WHAT THE TASK ASKS: Starting with the first line below, extract each line through the one that contains "FB: C8.1, JP2.12, JP2.13, L1.1, U1.28, U1.29", inclusive, excluding pictures.

========================================================================

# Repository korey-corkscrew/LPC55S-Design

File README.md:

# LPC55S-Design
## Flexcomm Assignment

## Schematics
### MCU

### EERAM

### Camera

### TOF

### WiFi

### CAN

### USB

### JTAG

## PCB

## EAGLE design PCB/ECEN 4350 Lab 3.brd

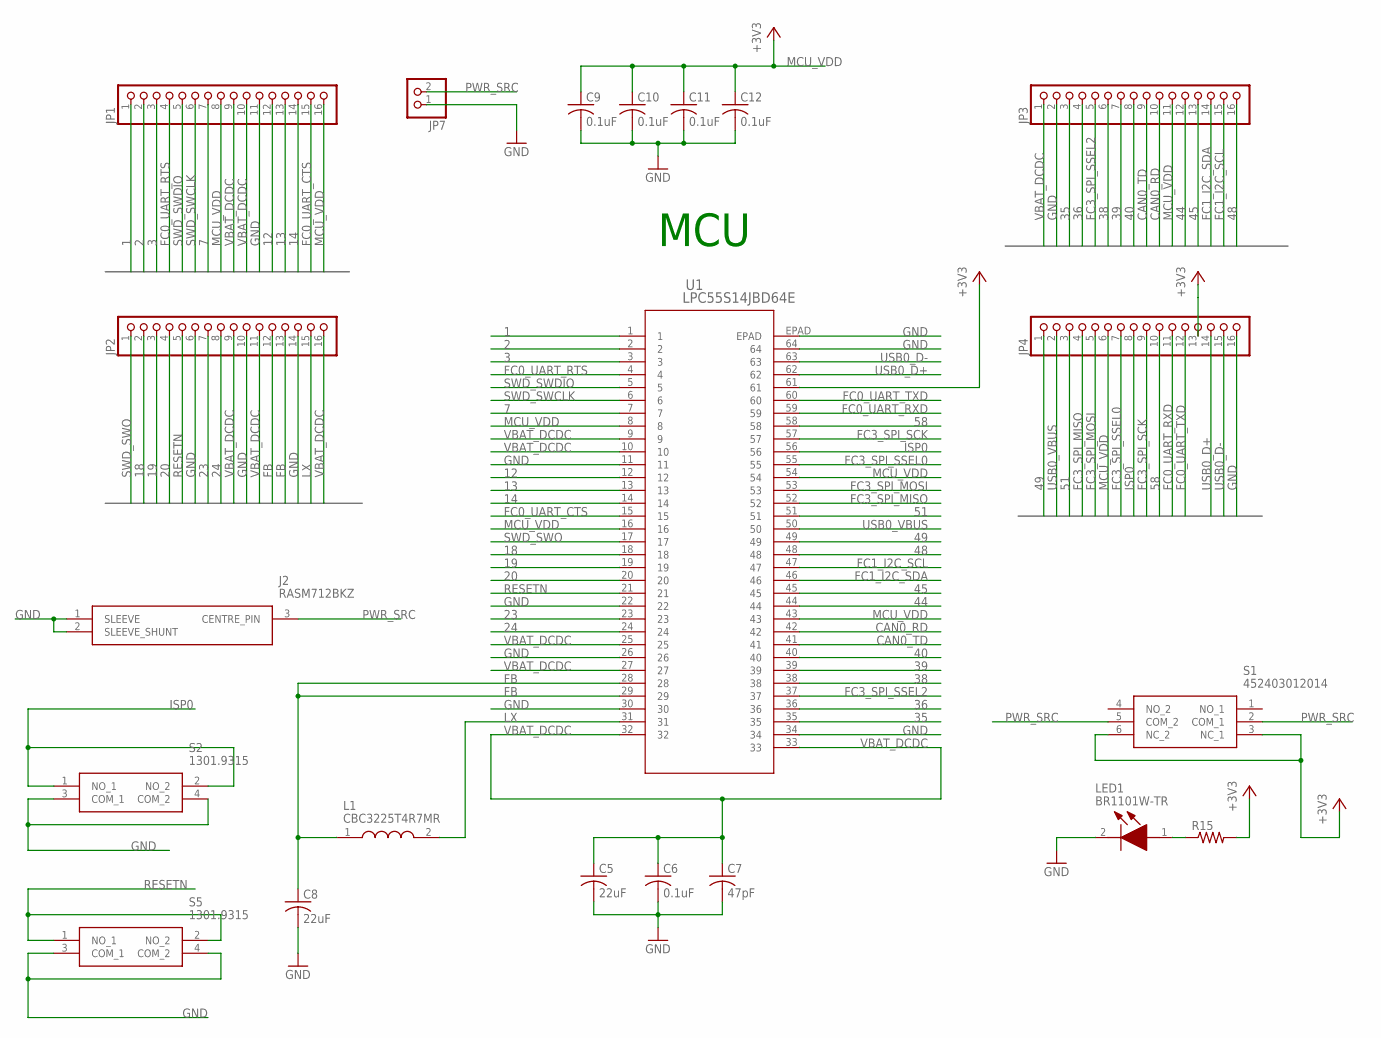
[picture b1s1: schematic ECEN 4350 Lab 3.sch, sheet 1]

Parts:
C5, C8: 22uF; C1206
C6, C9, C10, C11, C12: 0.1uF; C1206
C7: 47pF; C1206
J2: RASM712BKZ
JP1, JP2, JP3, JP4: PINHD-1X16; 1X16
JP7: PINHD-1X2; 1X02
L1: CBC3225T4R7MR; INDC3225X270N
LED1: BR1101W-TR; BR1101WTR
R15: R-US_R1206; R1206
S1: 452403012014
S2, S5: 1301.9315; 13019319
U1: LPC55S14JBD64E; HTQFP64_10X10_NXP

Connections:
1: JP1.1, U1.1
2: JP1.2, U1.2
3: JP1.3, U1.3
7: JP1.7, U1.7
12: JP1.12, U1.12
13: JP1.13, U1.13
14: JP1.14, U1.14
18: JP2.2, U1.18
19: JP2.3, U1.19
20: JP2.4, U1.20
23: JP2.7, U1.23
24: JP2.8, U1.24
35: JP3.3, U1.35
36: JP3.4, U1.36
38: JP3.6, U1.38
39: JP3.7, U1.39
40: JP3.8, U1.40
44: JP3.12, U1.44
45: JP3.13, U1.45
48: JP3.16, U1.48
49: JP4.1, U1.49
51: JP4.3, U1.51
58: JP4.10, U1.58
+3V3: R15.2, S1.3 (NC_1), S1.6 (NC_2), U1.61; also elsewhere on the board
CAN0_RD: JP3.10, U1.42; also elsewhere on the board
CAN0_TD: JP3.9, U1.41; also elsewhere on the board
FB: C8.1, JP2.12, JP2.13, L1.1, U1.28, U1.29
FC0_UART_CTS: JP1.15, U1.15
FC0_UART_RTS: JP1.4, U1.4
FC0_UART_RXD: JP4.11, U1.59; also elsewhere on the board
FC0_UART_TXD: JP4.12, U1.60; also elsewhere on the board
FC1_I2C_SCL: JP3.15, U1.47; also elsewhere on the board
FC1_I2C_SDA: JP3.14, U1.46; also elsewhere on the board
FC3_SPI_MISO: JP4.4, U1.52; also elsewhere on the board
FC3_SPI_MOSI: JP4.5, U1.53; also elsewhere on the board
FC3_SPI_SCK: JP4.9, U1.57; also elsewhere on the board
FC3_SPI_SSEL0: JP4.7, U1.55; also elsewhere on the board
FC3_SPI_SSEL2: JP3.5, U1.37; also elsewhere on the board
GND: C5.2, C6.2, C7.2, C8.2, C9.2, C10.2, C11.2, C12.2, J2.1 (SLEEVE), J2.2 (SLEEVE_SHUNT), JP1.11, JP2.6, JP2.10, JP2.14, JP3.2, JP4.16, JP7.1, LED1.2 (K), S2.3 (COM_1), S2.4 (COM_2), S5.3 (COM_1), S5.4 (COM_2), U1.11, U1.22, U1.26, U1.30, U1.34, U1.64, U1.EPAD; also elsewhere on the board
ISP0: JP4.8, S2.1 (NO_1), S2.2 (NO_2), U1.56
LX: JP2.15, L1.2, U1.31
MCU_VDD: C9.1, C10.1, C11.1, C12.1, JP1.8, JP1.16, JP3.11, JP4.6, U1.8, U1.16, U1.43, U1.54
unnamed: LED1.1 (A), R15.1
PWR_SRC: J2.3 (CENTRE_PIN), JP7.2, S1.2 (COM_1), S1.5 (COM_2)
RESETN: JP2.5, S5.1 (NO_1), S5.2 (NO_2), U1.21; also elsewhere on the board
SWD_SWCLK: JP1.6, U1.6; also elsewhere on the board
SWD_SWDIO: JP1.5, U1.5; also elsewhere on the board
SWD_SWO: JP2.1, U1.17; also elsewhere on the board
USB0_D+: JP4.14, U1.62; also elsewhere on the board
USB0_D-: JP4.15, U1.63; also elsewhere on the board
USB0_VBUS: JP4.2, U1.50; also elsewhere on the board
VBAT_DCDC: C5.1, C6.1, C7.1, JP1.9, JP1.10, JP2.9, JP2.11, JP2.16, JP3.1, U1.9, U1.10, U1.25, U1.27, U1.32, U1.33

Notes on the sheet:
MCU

========================================================================

SOLUTION BELOW:
# Repository korey-corkscrew/LPC55S-Design

File README.md:

# LPC55S-Design
## Flexcomm Assignment

## Schematics
### MCU

### EERAM

### Camera

### TOF

### WiFi

### CAN

### USB

### JTAG

## PCB

## EAGLE design PCB/ECEN 4350 Lab 3.brd

[picture b1s1: schematic ECEN 4350 Lab 3.sch, sheet 1]

Parts:
C5, C8: 22uF; C1206
C6, C9, C10, C11, C12: 0.1uF; C1206
C7: 47pF; C1206
J2: RASM712BKZ
JP1, JP2, JP3, JP4: PINHD-1X16; 1X16
JP7: PINHD-1X2; 1X02
L1: CBC3225T4R7MR; INDC3225X270N
LED1: BR1101W-TR; BR1101WTR
R15: R-US_R1206; R1206
S1: 452403012014
S2, S5: 1301.9315; 13019319
U1: LPC55S14JBD64E; HTQFP64_10X10_NXP

Connections:
1: JP1.1, U1.1
2: JP1.2, U1.2
3: JP1.3, U1.3
7: JP1.7, U1.7
12: JP1.12, U1.12
13: JP1.13, U1.13
14: JP1.14, U1.14
18: JP2.2, U1.18
19: JP2.3, U1.19
20: JP2.4, U1.20
23: JP2.7, U1.23
24: JP2.8, U1.24
35: JP3.3, U1.35
36: JP3.4, U1.36
38: JP3.6, U1.38
39: JP3.7, U1.39
40: JP3.8, U1.40
44: JP3.12, U1.44
45: JP3.13, U1.45
48: JP3.16, U1.48
49: JP4.1, U1.49
51: JP4.3, U1.51
58: JP4.10, U1.58
+3V3: R15.2, S1.3 (NC_1), S1.6 (NC_2), U1.61; also elsewhere on the board
CAN0_RD: JP3.10, U1.42; also elsewhere on the board
CAN0_TD: JP3.9, U1.41; also elsewhere on the board
FB: C8.1, JP2.12, JP2.13, L1.1, U1.28, U1.29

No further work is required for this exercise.